In the present study, the rate of distal biceps tendon rerupture after fixation was 5%. All cases of rerupture occurred within 2 to 4 weeks postoperatively and were related to reinjury due to noncompliance. Two of these patients required reoperation, whereas the third did not as he had a partial rerupture.

In a retrospective chart review, Dunphy et al. reported a 1.6% rerupture rate within 60 days in association with all techniques and a 1.9% rate in association with cortical button fixation14. Cain et al. and Watson et al. and reported overall 2% and 1.6% rerupture rates, respectively, in association with all repair techniques but did not observe any reruptures in association with the cortical button specifically13,17. The rerupture rate in the present study was higher than that reported in those other studies; however, that finding may be a reflection of our smaller sample size.

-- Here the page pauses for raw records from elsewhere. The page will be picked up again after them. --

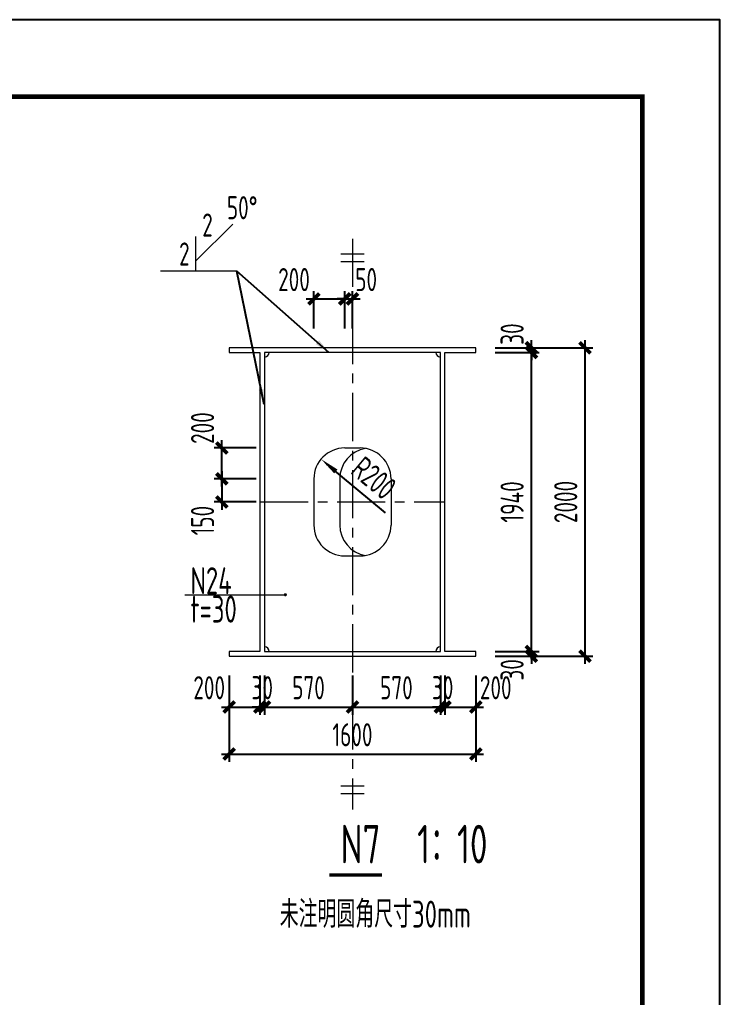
# Model space of a CAD drawing. Extents: x -2876908 to 633791, y -1383861 to 872234.
# Drawn here: x 88081 to 133466, y -996828 to -933410 of the extents above; entities that cross this region are included whole.
import ezdxf
from ezdxf.enums import TextEntityAlignment as Align

# ---------------------------------------------------------------- set-up
doc = ezdxf.new("R2010")
doc.units = 0
doc.header["$LTSCALE"] = 5
doc.header["$MEASUREMENT"] = 0
doc.linetypes.add('CENTER', pattern=[2, 1.25, -0.25, 0.25, -0.25])
doc.layers.get('0').update_dxf_attribs({"linetype": 'CONTINUOUS', "lineweight": 25})
doc.layers.get('DEFPOINTS').update_dxf_attribs({"color": 35, "linetype": 'CONTINUOUS', "lineweight": 13})
for name, color, linetype, lineweight in [('1粗实线', 1, 'CONTINUOUS', 30), ('3中心线', 6, 'CENTER', 18), ('5标注', 3, 'CONTINUOUS', 15), ('6文本', 7, 'CONTINUOUS', 15), ('8轮廓线', 4, 'CONTINUOUS', 15), ('DIM', 3, 'CONTINUOUS', 0), ('HFZT', 5, 'CONTINUOUS', 15), ('REIND', 1, 'CONTINUOUS', 0), ('STXT_HF', 7, 'CONTINUOUS', 0), ('THIN', 7, 'CONTINUOUS', 0)]:
    doc.layers.add(name, color=color, linetype=linetype, lineweight=lineweight)
doc.layers.add('M_Dim', color=3, linetype='CONTINUOUS')
doc.styles.get("Standard").update_dxf_attribs({"font": '', "width": 0.7})
doc.styles.add('TSSD_Dimension', font='tssdeng.shx', dxfattribs={"width": 0.7, "bigfont": 'hztxt.shx'})
doc.styles.add('TSSD_Label', font='tssdeng.shx', dxfattribs={"width": 0.7, "bigfont": 'hztxt.shx'})
doc.styles.add('TSSD_NORM', font='tssdeng.shx', dxfattribs={"width": 0.7, "bigfont": 'hztxt.shx'})
doc.styles.get('Standard').set_extended_font_data('SimSun')
doc.dimstyles.new('TSAN_100_100', dxfattribs={"dimtxt": 300, "dimasz": 100, "dimexe": 100, "dimexo": 250, "dimgap": 100, "dimtad": 2, "dimzin": 0, "dimdsep": 46, "dimtxsty": 'TSSD_Dimension', "dimblk": 'CLOSEDBLANK', "dimblk1": 'CLOSEDBLANK', "dimblk2": 'CLOSEDBLANK', "dimcen": 0, "dimdle": 100, "dimclrt": 7, "dimadec": 0, "dimazin": 0, "dimtfac": 1, "dimtdec": 0, "dimtix": 1, "dimtmove": 2, "dimatfit": 3, "dimldrblk": 'CLOSEDBLANK', "dimfxl": 1, "dimtolj": 1, "dimtzin": 0, "dimarcsym": 0})
doc.dimstyles.new('TSSD_100_100', dxfattribs={"dimtxt": 300, "dimasz": 100, "dimexe": 100, "dimexo": 250, "dimgap": 100, "dimtad": 1, "dimdec": 0, "dimzin": 0, "dimdsep": 46, "dimtxsty": 'TSSD_Dimension', "dimblk": 'ARCHTICK', "dimblk1": 'ARCHTICK', "dimblk2": 'ARCHTICK', "dimcen": 0, "dimdle": 100, "dimclrt": 7, "dimadec": 0, "dimazin": 0, "dimtfac": 1, "dimtdec": 0, "dimtix": 1, "dimtmove": 2, "dimatfit": 3, "dimfxl": 1, "dimtolj": 1, "dimtzin": 0, "dimarcsym": 0})
doc.dimstyles.new('TSSD_LEADER_STYLE_200.0', dxfattribs={"dimtxt": 0.18, "dimasz": 200, "dimexe": 0.18, "dimexo": 0.0625, "dimgap": 0.09, "dimtad": 0, "dimtih": 1, "dimtoh": 1, "dimdec": 4, "dimzin": 0, "dimdsep": 46, "dimtxsty": 'Standard', "dimcen": 0.09, "dimadec": 0, "dimazin": 0, "dimtfac": 1, "dimtdec": 4, "dimtofl": 0, "dimtmove": 0, "dimatfit": 3, "dimfxl": 1, "dimtolj": 1, "dimtzin": 0, "dimarcsym": 0})

# ---------------------------------------------------------------- blocks, each defined once
blk = doc.blocks.new('施工设计图框')
at = {"color": 7, "linetype": 'Continuous'}
blk.add_lwpolyline([(-395.5, -13.5), (-395.5, 283.5), (24.5, 283.5), (24.5, -13.5), (-395.5, -13.5)], dxfattribs=at)
at = {"layer": '1粗实线', "color": 7, "linetype": 'Continuous', "const_width": 0.6}
blk.add_lwpolyline([(-370.5, -3.5), (-370.5, 273.5), (14.5, 273.5), (14.5, -3.5), (-370.5, -3.5)], dxfattribs=at)
at = {"layer": 'HFZT', "color": 2, "style": 'TSSD_NORM', "width": 0.7}
for tag, height, p in [('比例尺', 2.5, (7.25, 17.5)), ('图号', 2.5, (-20.49, 3.5)), ('日期', 2.5, (7.25, 3.5)), ('图名', 4, (-76.24, 0.75))]:
    blk.add_attdef(tag, text='', height=height, dxfattribs=at).set_placement(p, align=Align.MIDDLE)
blk = doc.blocks.new('_WELD008')
at = {"color": 0, "linetype": 'ByBlock'}
for p, q in [((0, 0.3), (1.061, 1.361)), ((0, 0), (0, 1))]:
    blk.add_line(p, q, dxfattribs=at)
for tag, p in [('C', (1.286, 1.416)), ('B', (0.288, 0.856)), ('A', (-0.303, -0.009))]:
    blk.add_attdef(tag, text='', height=0.8, dxfattribs=at).set_placement(p, align=Align.CENTER)
blk = doc.blocks.new('_ArchTick')
at = {"color": 0, "linetype": 'ByBlock', "const_width": 0.5}
blk.add_lwpolyline([(-0.71, -0.71), (0.71, 0.71)], dxfattribs=at)
blk = doc.blocks.new('*D1313')
at = {"layer": 'DEFPOINTS', "color": 0, "transparency": 16777216}
for p in [(109668, -974695), (115368, -974695), (115368, -977992)]:
    blk.add_point(p, dxfattribs=at)
at = {"layer": 'DIM', "color": 0, "lineweight": -2, "transparency": 16777216}
for p, q in [((109668, -975945), (109668, -978492)), ((115368, -975945), (115368, -978492)), ((109168, -977992), (115868, -977992))]:
    blk.add_line(p, q, dxfattribs=at)
at = {"layer": 'DIM', "color": 0, "lineweight": -2, "transparency": 16777216, "xscale": 500, "yscale": 500, "zscale": 500, "rotation": 180}
blk.add_blockref('_ArchTick', (109668, -977992), dxfattribs=at)
at = {"layer": 'DIM', "color": 0, "lineweight": -2, "transparency": 16777216, "xscale": 500, "yscale": 500, "zscale": 500}
blk.add_blockref('_ArchTick', (115368, -977992), dxfattribs=at)
at = {"layer": 'DIM', "color": 7, "transparency": 16777216, "insert": (112518, -976742), "char_height": 1500, "attachment_point": 5, "style": 'TSSD_Dimension'}
blk.add_mtext('\\A1;570', dxfattribs=at)
blk = doc.blocks.new('*D1314')
at = {"layer": 'DEFPOINTS', "color": 0, "transparency": 16777216}
for p in [(115368, -974695), (115668, -974695), (115668, -977992)]:
    blk.add_point(p, dxfattribs=at)
at = {"layer": 'DIM', "color": 0, "lineweight": -2, "transparency": 16777216}
for p, q in [((115368, -975945), (115368, -978492)), ((115668, -975945), (115668, -978492)), ((115368, -977992), (114868, -977992)), ((115368, -977992), (115668, -977992)), ((115668, -977992), (116168, -977992))]:
    blk.add_line(p, q, dxfattribs=at)
at = {"layer": 'DIM', "color": 0, "lineweight": -2, "transparency": 16777216, "xscale": 500, "yscale": 500, "zscale": 500}
blk.add_blockref('_ArchTick', (115368, -977992), dxfattribs=at)
at = {"layer": 'DIM', "color": 0, "lineweight": -2, "transparency": 16777216, "xscale": 500, "yscale": 500, "zscale": 500, "rotation": 180}
blk.add_blockref('_ArchTick', (115668, -977992), dxfattribs=at)
at = {"layer": 'DIM', "color": 7, "transparency": 16777216, "insert": (115518, -976742), "char_height": 1500, "attachment_point": 5, "style": 'TSSD_Dimension'}
blk.add_mtext('\\A1;30', dxfattribs=at)
blk = doc.blocks.new('*D1315')
at = {"layer": 'DEFPOINTS', "color": 0, "transparency": 16777216}
for p in [(115668, -974695), (117668, -974695), (117668, -977992)]:
    blk.add_point(p, dxfattribs=at)
at = {"layer": 'DIM', "color": 0, "lineweight": -2, "transparency": 16777216}
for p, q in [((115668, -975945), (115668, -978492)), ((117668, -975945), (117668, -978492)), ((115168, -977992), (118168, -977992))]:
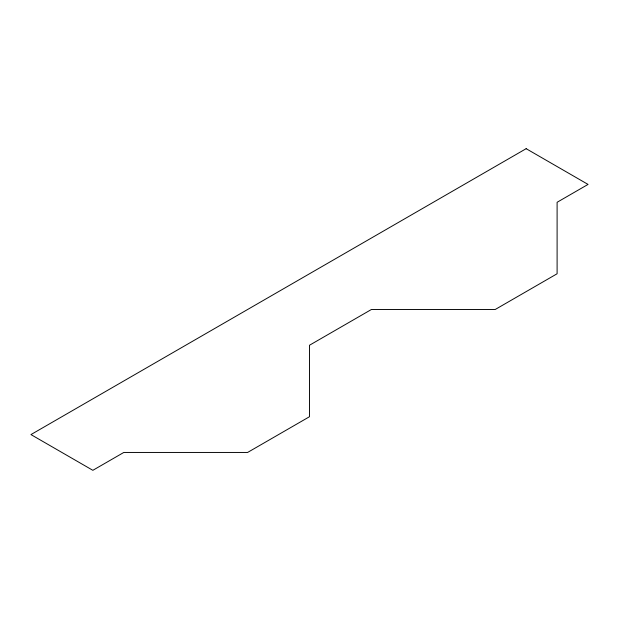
<?xml version="1.0" encoding="UTF-8"?>
<svg xmlns="http://www.w3.org/2000/svg" width="619" height="619" viewBox="0 0 619 619"><rect width="100%" height="100%" fill="white"/><g stroke="black" fill="none" stroke-linecap="round" stroke-linejoin="round"><path stroke-width="0.93" d="M526.15 148.684L30.95 434.584L92.85 470.316L123.8 452.45L247.6 452.45L309.5 416.711L309.5 345.24L371.4 309.5L495.2 309.5L557.1 273.76L557.1 202.289L588.05 184.416L526.15 148.684"/></g></svg>
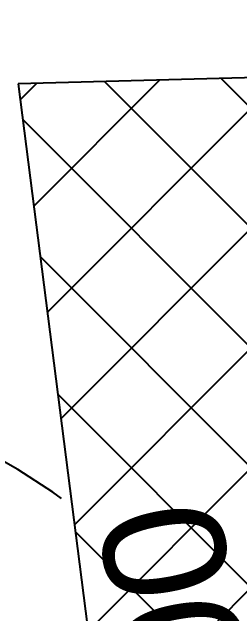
# Model space of a CAD drawing. Header units: millimetres. Extents: x 648844 to 649530, y 1246379 to 1246752.
# Drawn here: x 649226.93 to 649233.67, y 1246552.3 to 1246570.06 of the extents above; entities that cross this region are included whole.
import ezdxf

# ---------------------------------------------------------------- set-up
doc = ezdxf.new("R2010")
doc.units = ezdxf.units.MM
doc.header["$LTSCALE"] = 20
doc.header["$MEASUREMENT"] = 0
doc.layers.get('0').update_dxf_attribs({"linetype": 'CONTINUOUS'})
doc.layers.add('CONT-MNR2', color=9, linetype='CONTINUOUS')
doc.styles.add('MINIMO', font='arial.ttf', dxfattribs={"height": 3.6})

# ---------------------------------------------------------------- blocks, each defined once
blk = doc.blocks.new('*U3733')
at = {"layer": 'CONT-MNR2', "elevation": 34, "flags": 128}
blk.add_lwpolyline([(646541.081, 1246807.84), (646540.825, 1246808.031), (646539.795, 1246808.695), (646538.794, 1246809.255)], dxfattribs=at)
at = {"layer": 'CONT-MNR2', "color": 3, "insert": (646545.057, 1246801.476, 34), "char_height": 3.6, "attachment_point": 5, "rotation": 100.596, "style": 'MINIMO'}
blk.add_mtext('{34.00}', dxfattribs=at)

msp = doc.modelspace()

# ---------------------------------------------------------------- hatches: boundary and pattern name
h = msp.add_hatch()
h.set_pattern_fill('ANSI37', color=4, scale=20, style=0)
h.set_pattern_definition([(45, (-526.4316, -3378.368), (-1.767766953, 1.767766953), []), (135, (-526.4316, -3378.368), (-1.767766953, -1.767766953), [])])
h.paths.add_polyline_path([(649227.107, 1246567.941), (649231.677, 1246532.208), (649229.06, 1246515.259), (649314.687, 1246516.703), (649306.988, 1246570.06)])
h.paths.add_polyline_path([(649257.702, 1246528.978), (649287.206, 1246528.978), (649287.206, 1246534.492), (649257.702, 1246534.492)], flags=24)

# ---------------------------------------------------------------- linework, layer by layer
at = {"color": 7}
msp.add_lwpolyline([(649227.107, 1246567.941), (649231.677, 1246532.208), (649229.06, 1246515.259), (649314.687, 1246516.703), (649306.988, 1246570.06), (649227.107, 1246567.941)], dxfattribs=at)

# ---------------------------------------------------------------- block references
at = {"layer": 'CONT-MNR2'}
msp.add_blockref('*U3733', (2687.306, -252.134), dxfattribs=at)

doc.saveas('drawing.dxf')
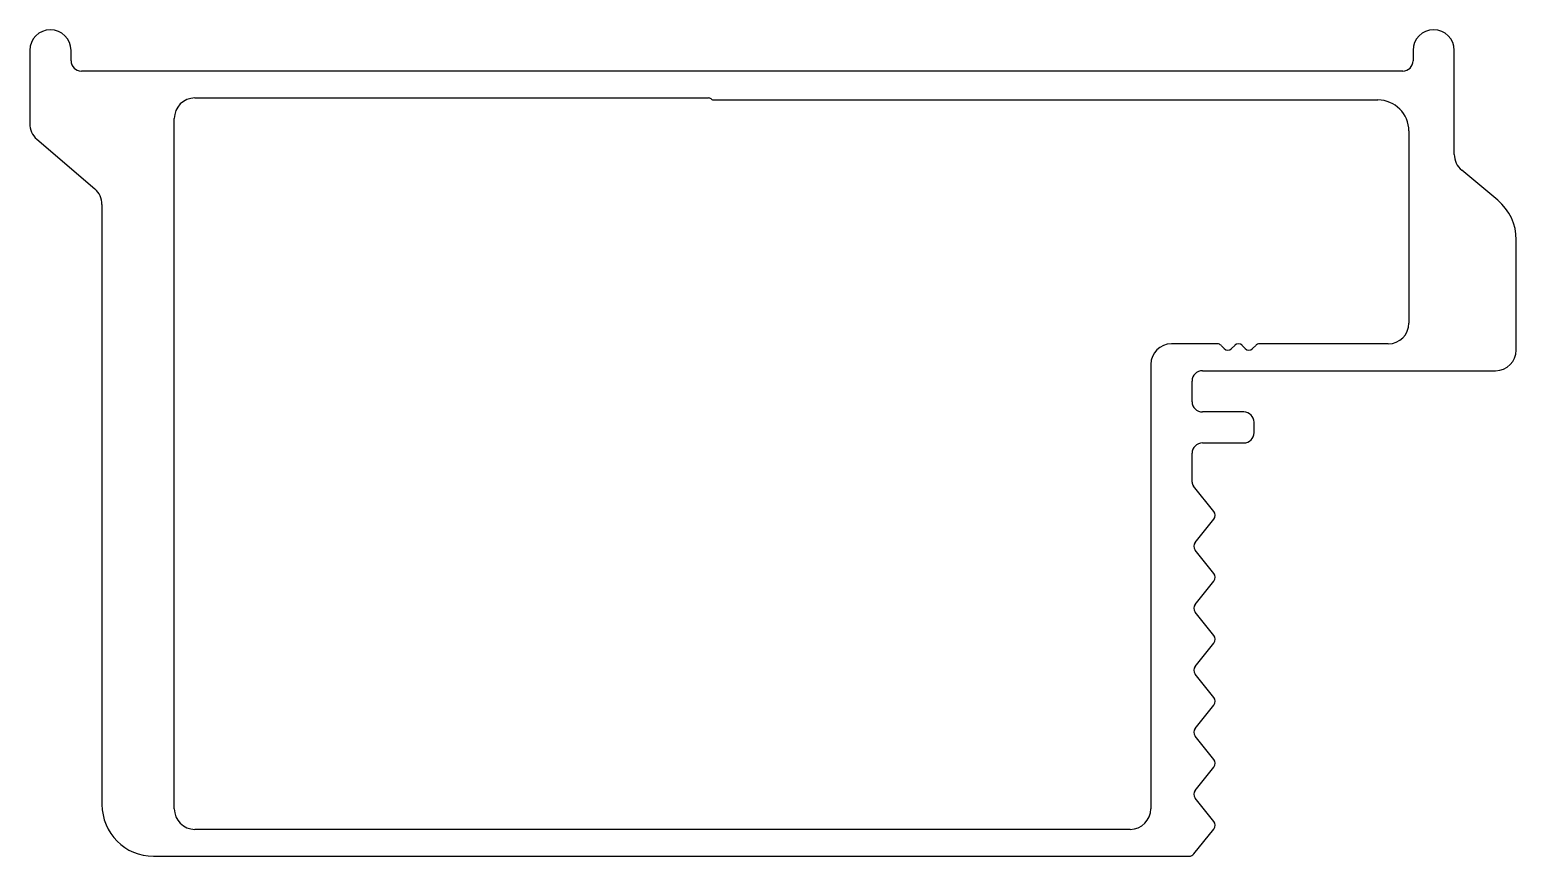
# Model space of a CAD drawing. Extents: x 1182.8 to 1254.8, y 896 to 936.
import ezdxf

# ---------------------------------------------------------------- set-up
doc = ezdxf.new("R2010")
doc.units = 0
doc.layers.add('GRUBA', color=10, linetype='CONTINUOUS')

msp = doc.modelspace()

# ---------------------------------------------------------------- linework, layer by layer
at = {"layer": 'GRUBA', "color": 0}
for p, q in [((1182.81, 934.985), (1182.81, 931.445)), ((1184.81, 934.485), (1184.81, 934.985)), ((1249.81, 934.985), (1249.81, 934.485)), ((1251.81, 929.953), (1251.81, 934.985)), ((1249.31, 933.985), (1185.31, 933.985)), ((1190.81, 932.685), (1215.678, 932.685)), ((1215.943, 932.585), (1248.11, 932.585)), ((1189.81, 898.285), (1189.81, 931.685)), ((1249.61, 931.085), (1249.61, 921.785)), ((1183.16, 930.685), (1185.961, 928.284)), ((1253.911, 927.734), (1252.17, 929.185)), ((1186.31, 927.525), (1186.31, 898.485)), ((1254.81, 920.485), (1254.81, 925.814)), ((1240.335, 920.785), (1238.11, 920.785)), ((1240.667, 920.556), (1240.511, 920.711)), ((1241.176, 920.711), (1241.021, 920.556)), ((1241.685, 920.556), (1241.53, 920.711)), ((1242.194, 920.711), (1242.039, 920.556)), ((1248.61, 920.785), (1242.371, 920.785)), ((1237.11, 919.785), (1237.11, 898.285)), ((1239.61, 919.485), (1253.81, 919.485)), ((1239.11, 917.985), (1239.11, 918.985)), ((1241.61, 917.485), (1239.61, 917.485)), ((1242.11, 916.485), (1242.11, 916.985)), ((1239.61, 915.985), (1241.61, 915.985)), ((1239.11, 914.09), (1239.11, 915.485)), ((1240.16, 912.672), (1239.176, 913.903)), ((1239.26, 911.172), (1240.16, 912.297)), ((1240.16, 909.672), (1239.26, 910.797)), ((1239.26, 908.172), (1240.16, 909.297)), ((1240.16, 906.672), (1239.26, 907.797)), ((1239.26, 905.172), (1240.16, 906.297)), ((1240.16, 903.672), (1239.26, 904.797)), ((1239.26, 902.172), (1240.16, 903.297)), ((1240.16, 900.672), (1239.26, 901.797)), ((1239.26, 899.172), (1240.16, 900.297)), ((1240.16, 897.672), (1239.26, 898.797)), ((1236.11, 897.285), (1190.81, 897.285)), ((1239.2, 896.097), (1240.16, 897.297)), ((1188.81, 895.985), (1238.966, 895.985))]:
    msp.add_line(p, q, dxfattribs=at)
for centre, radius, start, end in [((1183.81, 934.985), 1, 90, 180), ((1183.81, 934.985), 1, 0, 90), ((1250.81, 934.985), 1, 90, 180), ((1250.81, 934.985), 1, 0, 90), ((1185.31, 934.485), 0.5, 180, 270), ((1249.31, 934.485), 0.5, 270, 0), ((1190.81, 931.685), 1, 90, 180), ((1215.678, 932.485), 0.2, 48.59038, 90), ((1215.943, 932.785), 0.2, 228.59038, 270), ((1248.11, 931.085), 1.5, 0, 90), ((1183.81, 931.445), 1, 180, 229.39871), ((1252.81, 929.953), 1, 180, 230.19443), ((1185.31, 927.525), 1, 360, 49.39871), ((1252.31, 925.814), 2.5, 0, 50.19443), ((1248.61, 921.785), 1, 270, 0), ((1238.11, 919.785), 1, 90, 180), ((1240.335, 920.535), 0.25, 45, 90), ((1240.844, 920.733), 0.25, 225, 315), ((1241.353, 920.535), 0.25, 45, 135), ((1241.862, 920.733), 0.25, 225, 315), ((1242.371, 920.535), 0.25, 90, 135), ((1253.81, 920.485), 1, 270, 0), ((1239.61, 918.985), 0.5, 90, 180), ((1239.61, 917.985), 0.5, 180, 270), ((1241.61, 916.985), 0.5, 0, 90), ((1239.61, 915.485), 0.5, 90, 180), ((1241.61, 916.485), 0.5, 270, 0), ((1239.41, 914.09), 0.3, 180, 218.65981), ((1239.926, 912.485), 0.3, 321.34019, 38.65981), ((1239.495, 910.985), 0.3, 141.34019, 218.65981), ((1239.926, 909.485), 0.3, 321.34019, 38.65981), ((1239.495, 907.985), 0.3, 141.34019, 218.65981), ((1239.926, 906.485), 0.3, 321.34019, 38.65981), ((1239.495, 904.985), 0.3, 141.34019, 218.65981), ((1239.926, 903.485), 0.3, 321.34019, 38.65981), ((1239.495, 901.985), 0.3, 141.34019, 218.65981), ((1239.926, 900.485), 0.3, 321.34019, 38.65981), ((1239.495, 898.985), 0.3, 141.34019, 218.65981), ((1188.81, 898.485), 2.5, 180, 270), ((1190.81, 898.285), 1, 180, 270), ((1236.11, 898.285), 1, 270, 0), ((1239.926, 897.485), 0.3, 321.34019, 38.65981), ((1238.966, 896.285), 0.3, 270, 321.34019)]:
    msp.add_arc(centre, radius, start, end, dxfattribs=at)

doc.saveas('drawing.dxf')

The present study had several limitations. The results may be affected by sampling bias as 60 patients (81%) participated but 74 met the inclusion criteria. Another limitation is the retrospective design of the study. Furthermore, 5 orthopaedic surgeons operated on the study cohort, and although cortical button fixation is the only method used at this institution, there may be slight variations in technique. However, the benefit of multiple surgeons is that the results and conclusions of the present study are more generalizable. Another strength is that all clinical measurements were performed by the same individual, the principal author. As such, there was minimal variation in data collection that may have affected results.

Our results demonstrate that repair of complete distal biceps tendon ruptures with cortical button fixation was associated with minimal loss of elbow flexion and supination strength (96% and 91% of those on the contralateral side). This technique also was associated with minimal loss of motion (5° of pronation) that was not clinically important. Our results also demonstrated a relatively high rate of complications, including lateral antebrachial cutaneous nerve paresthesia, rerupture, and heterotopic ossification. Patients reported a minimal degree of disability as reflected by the DASH scores.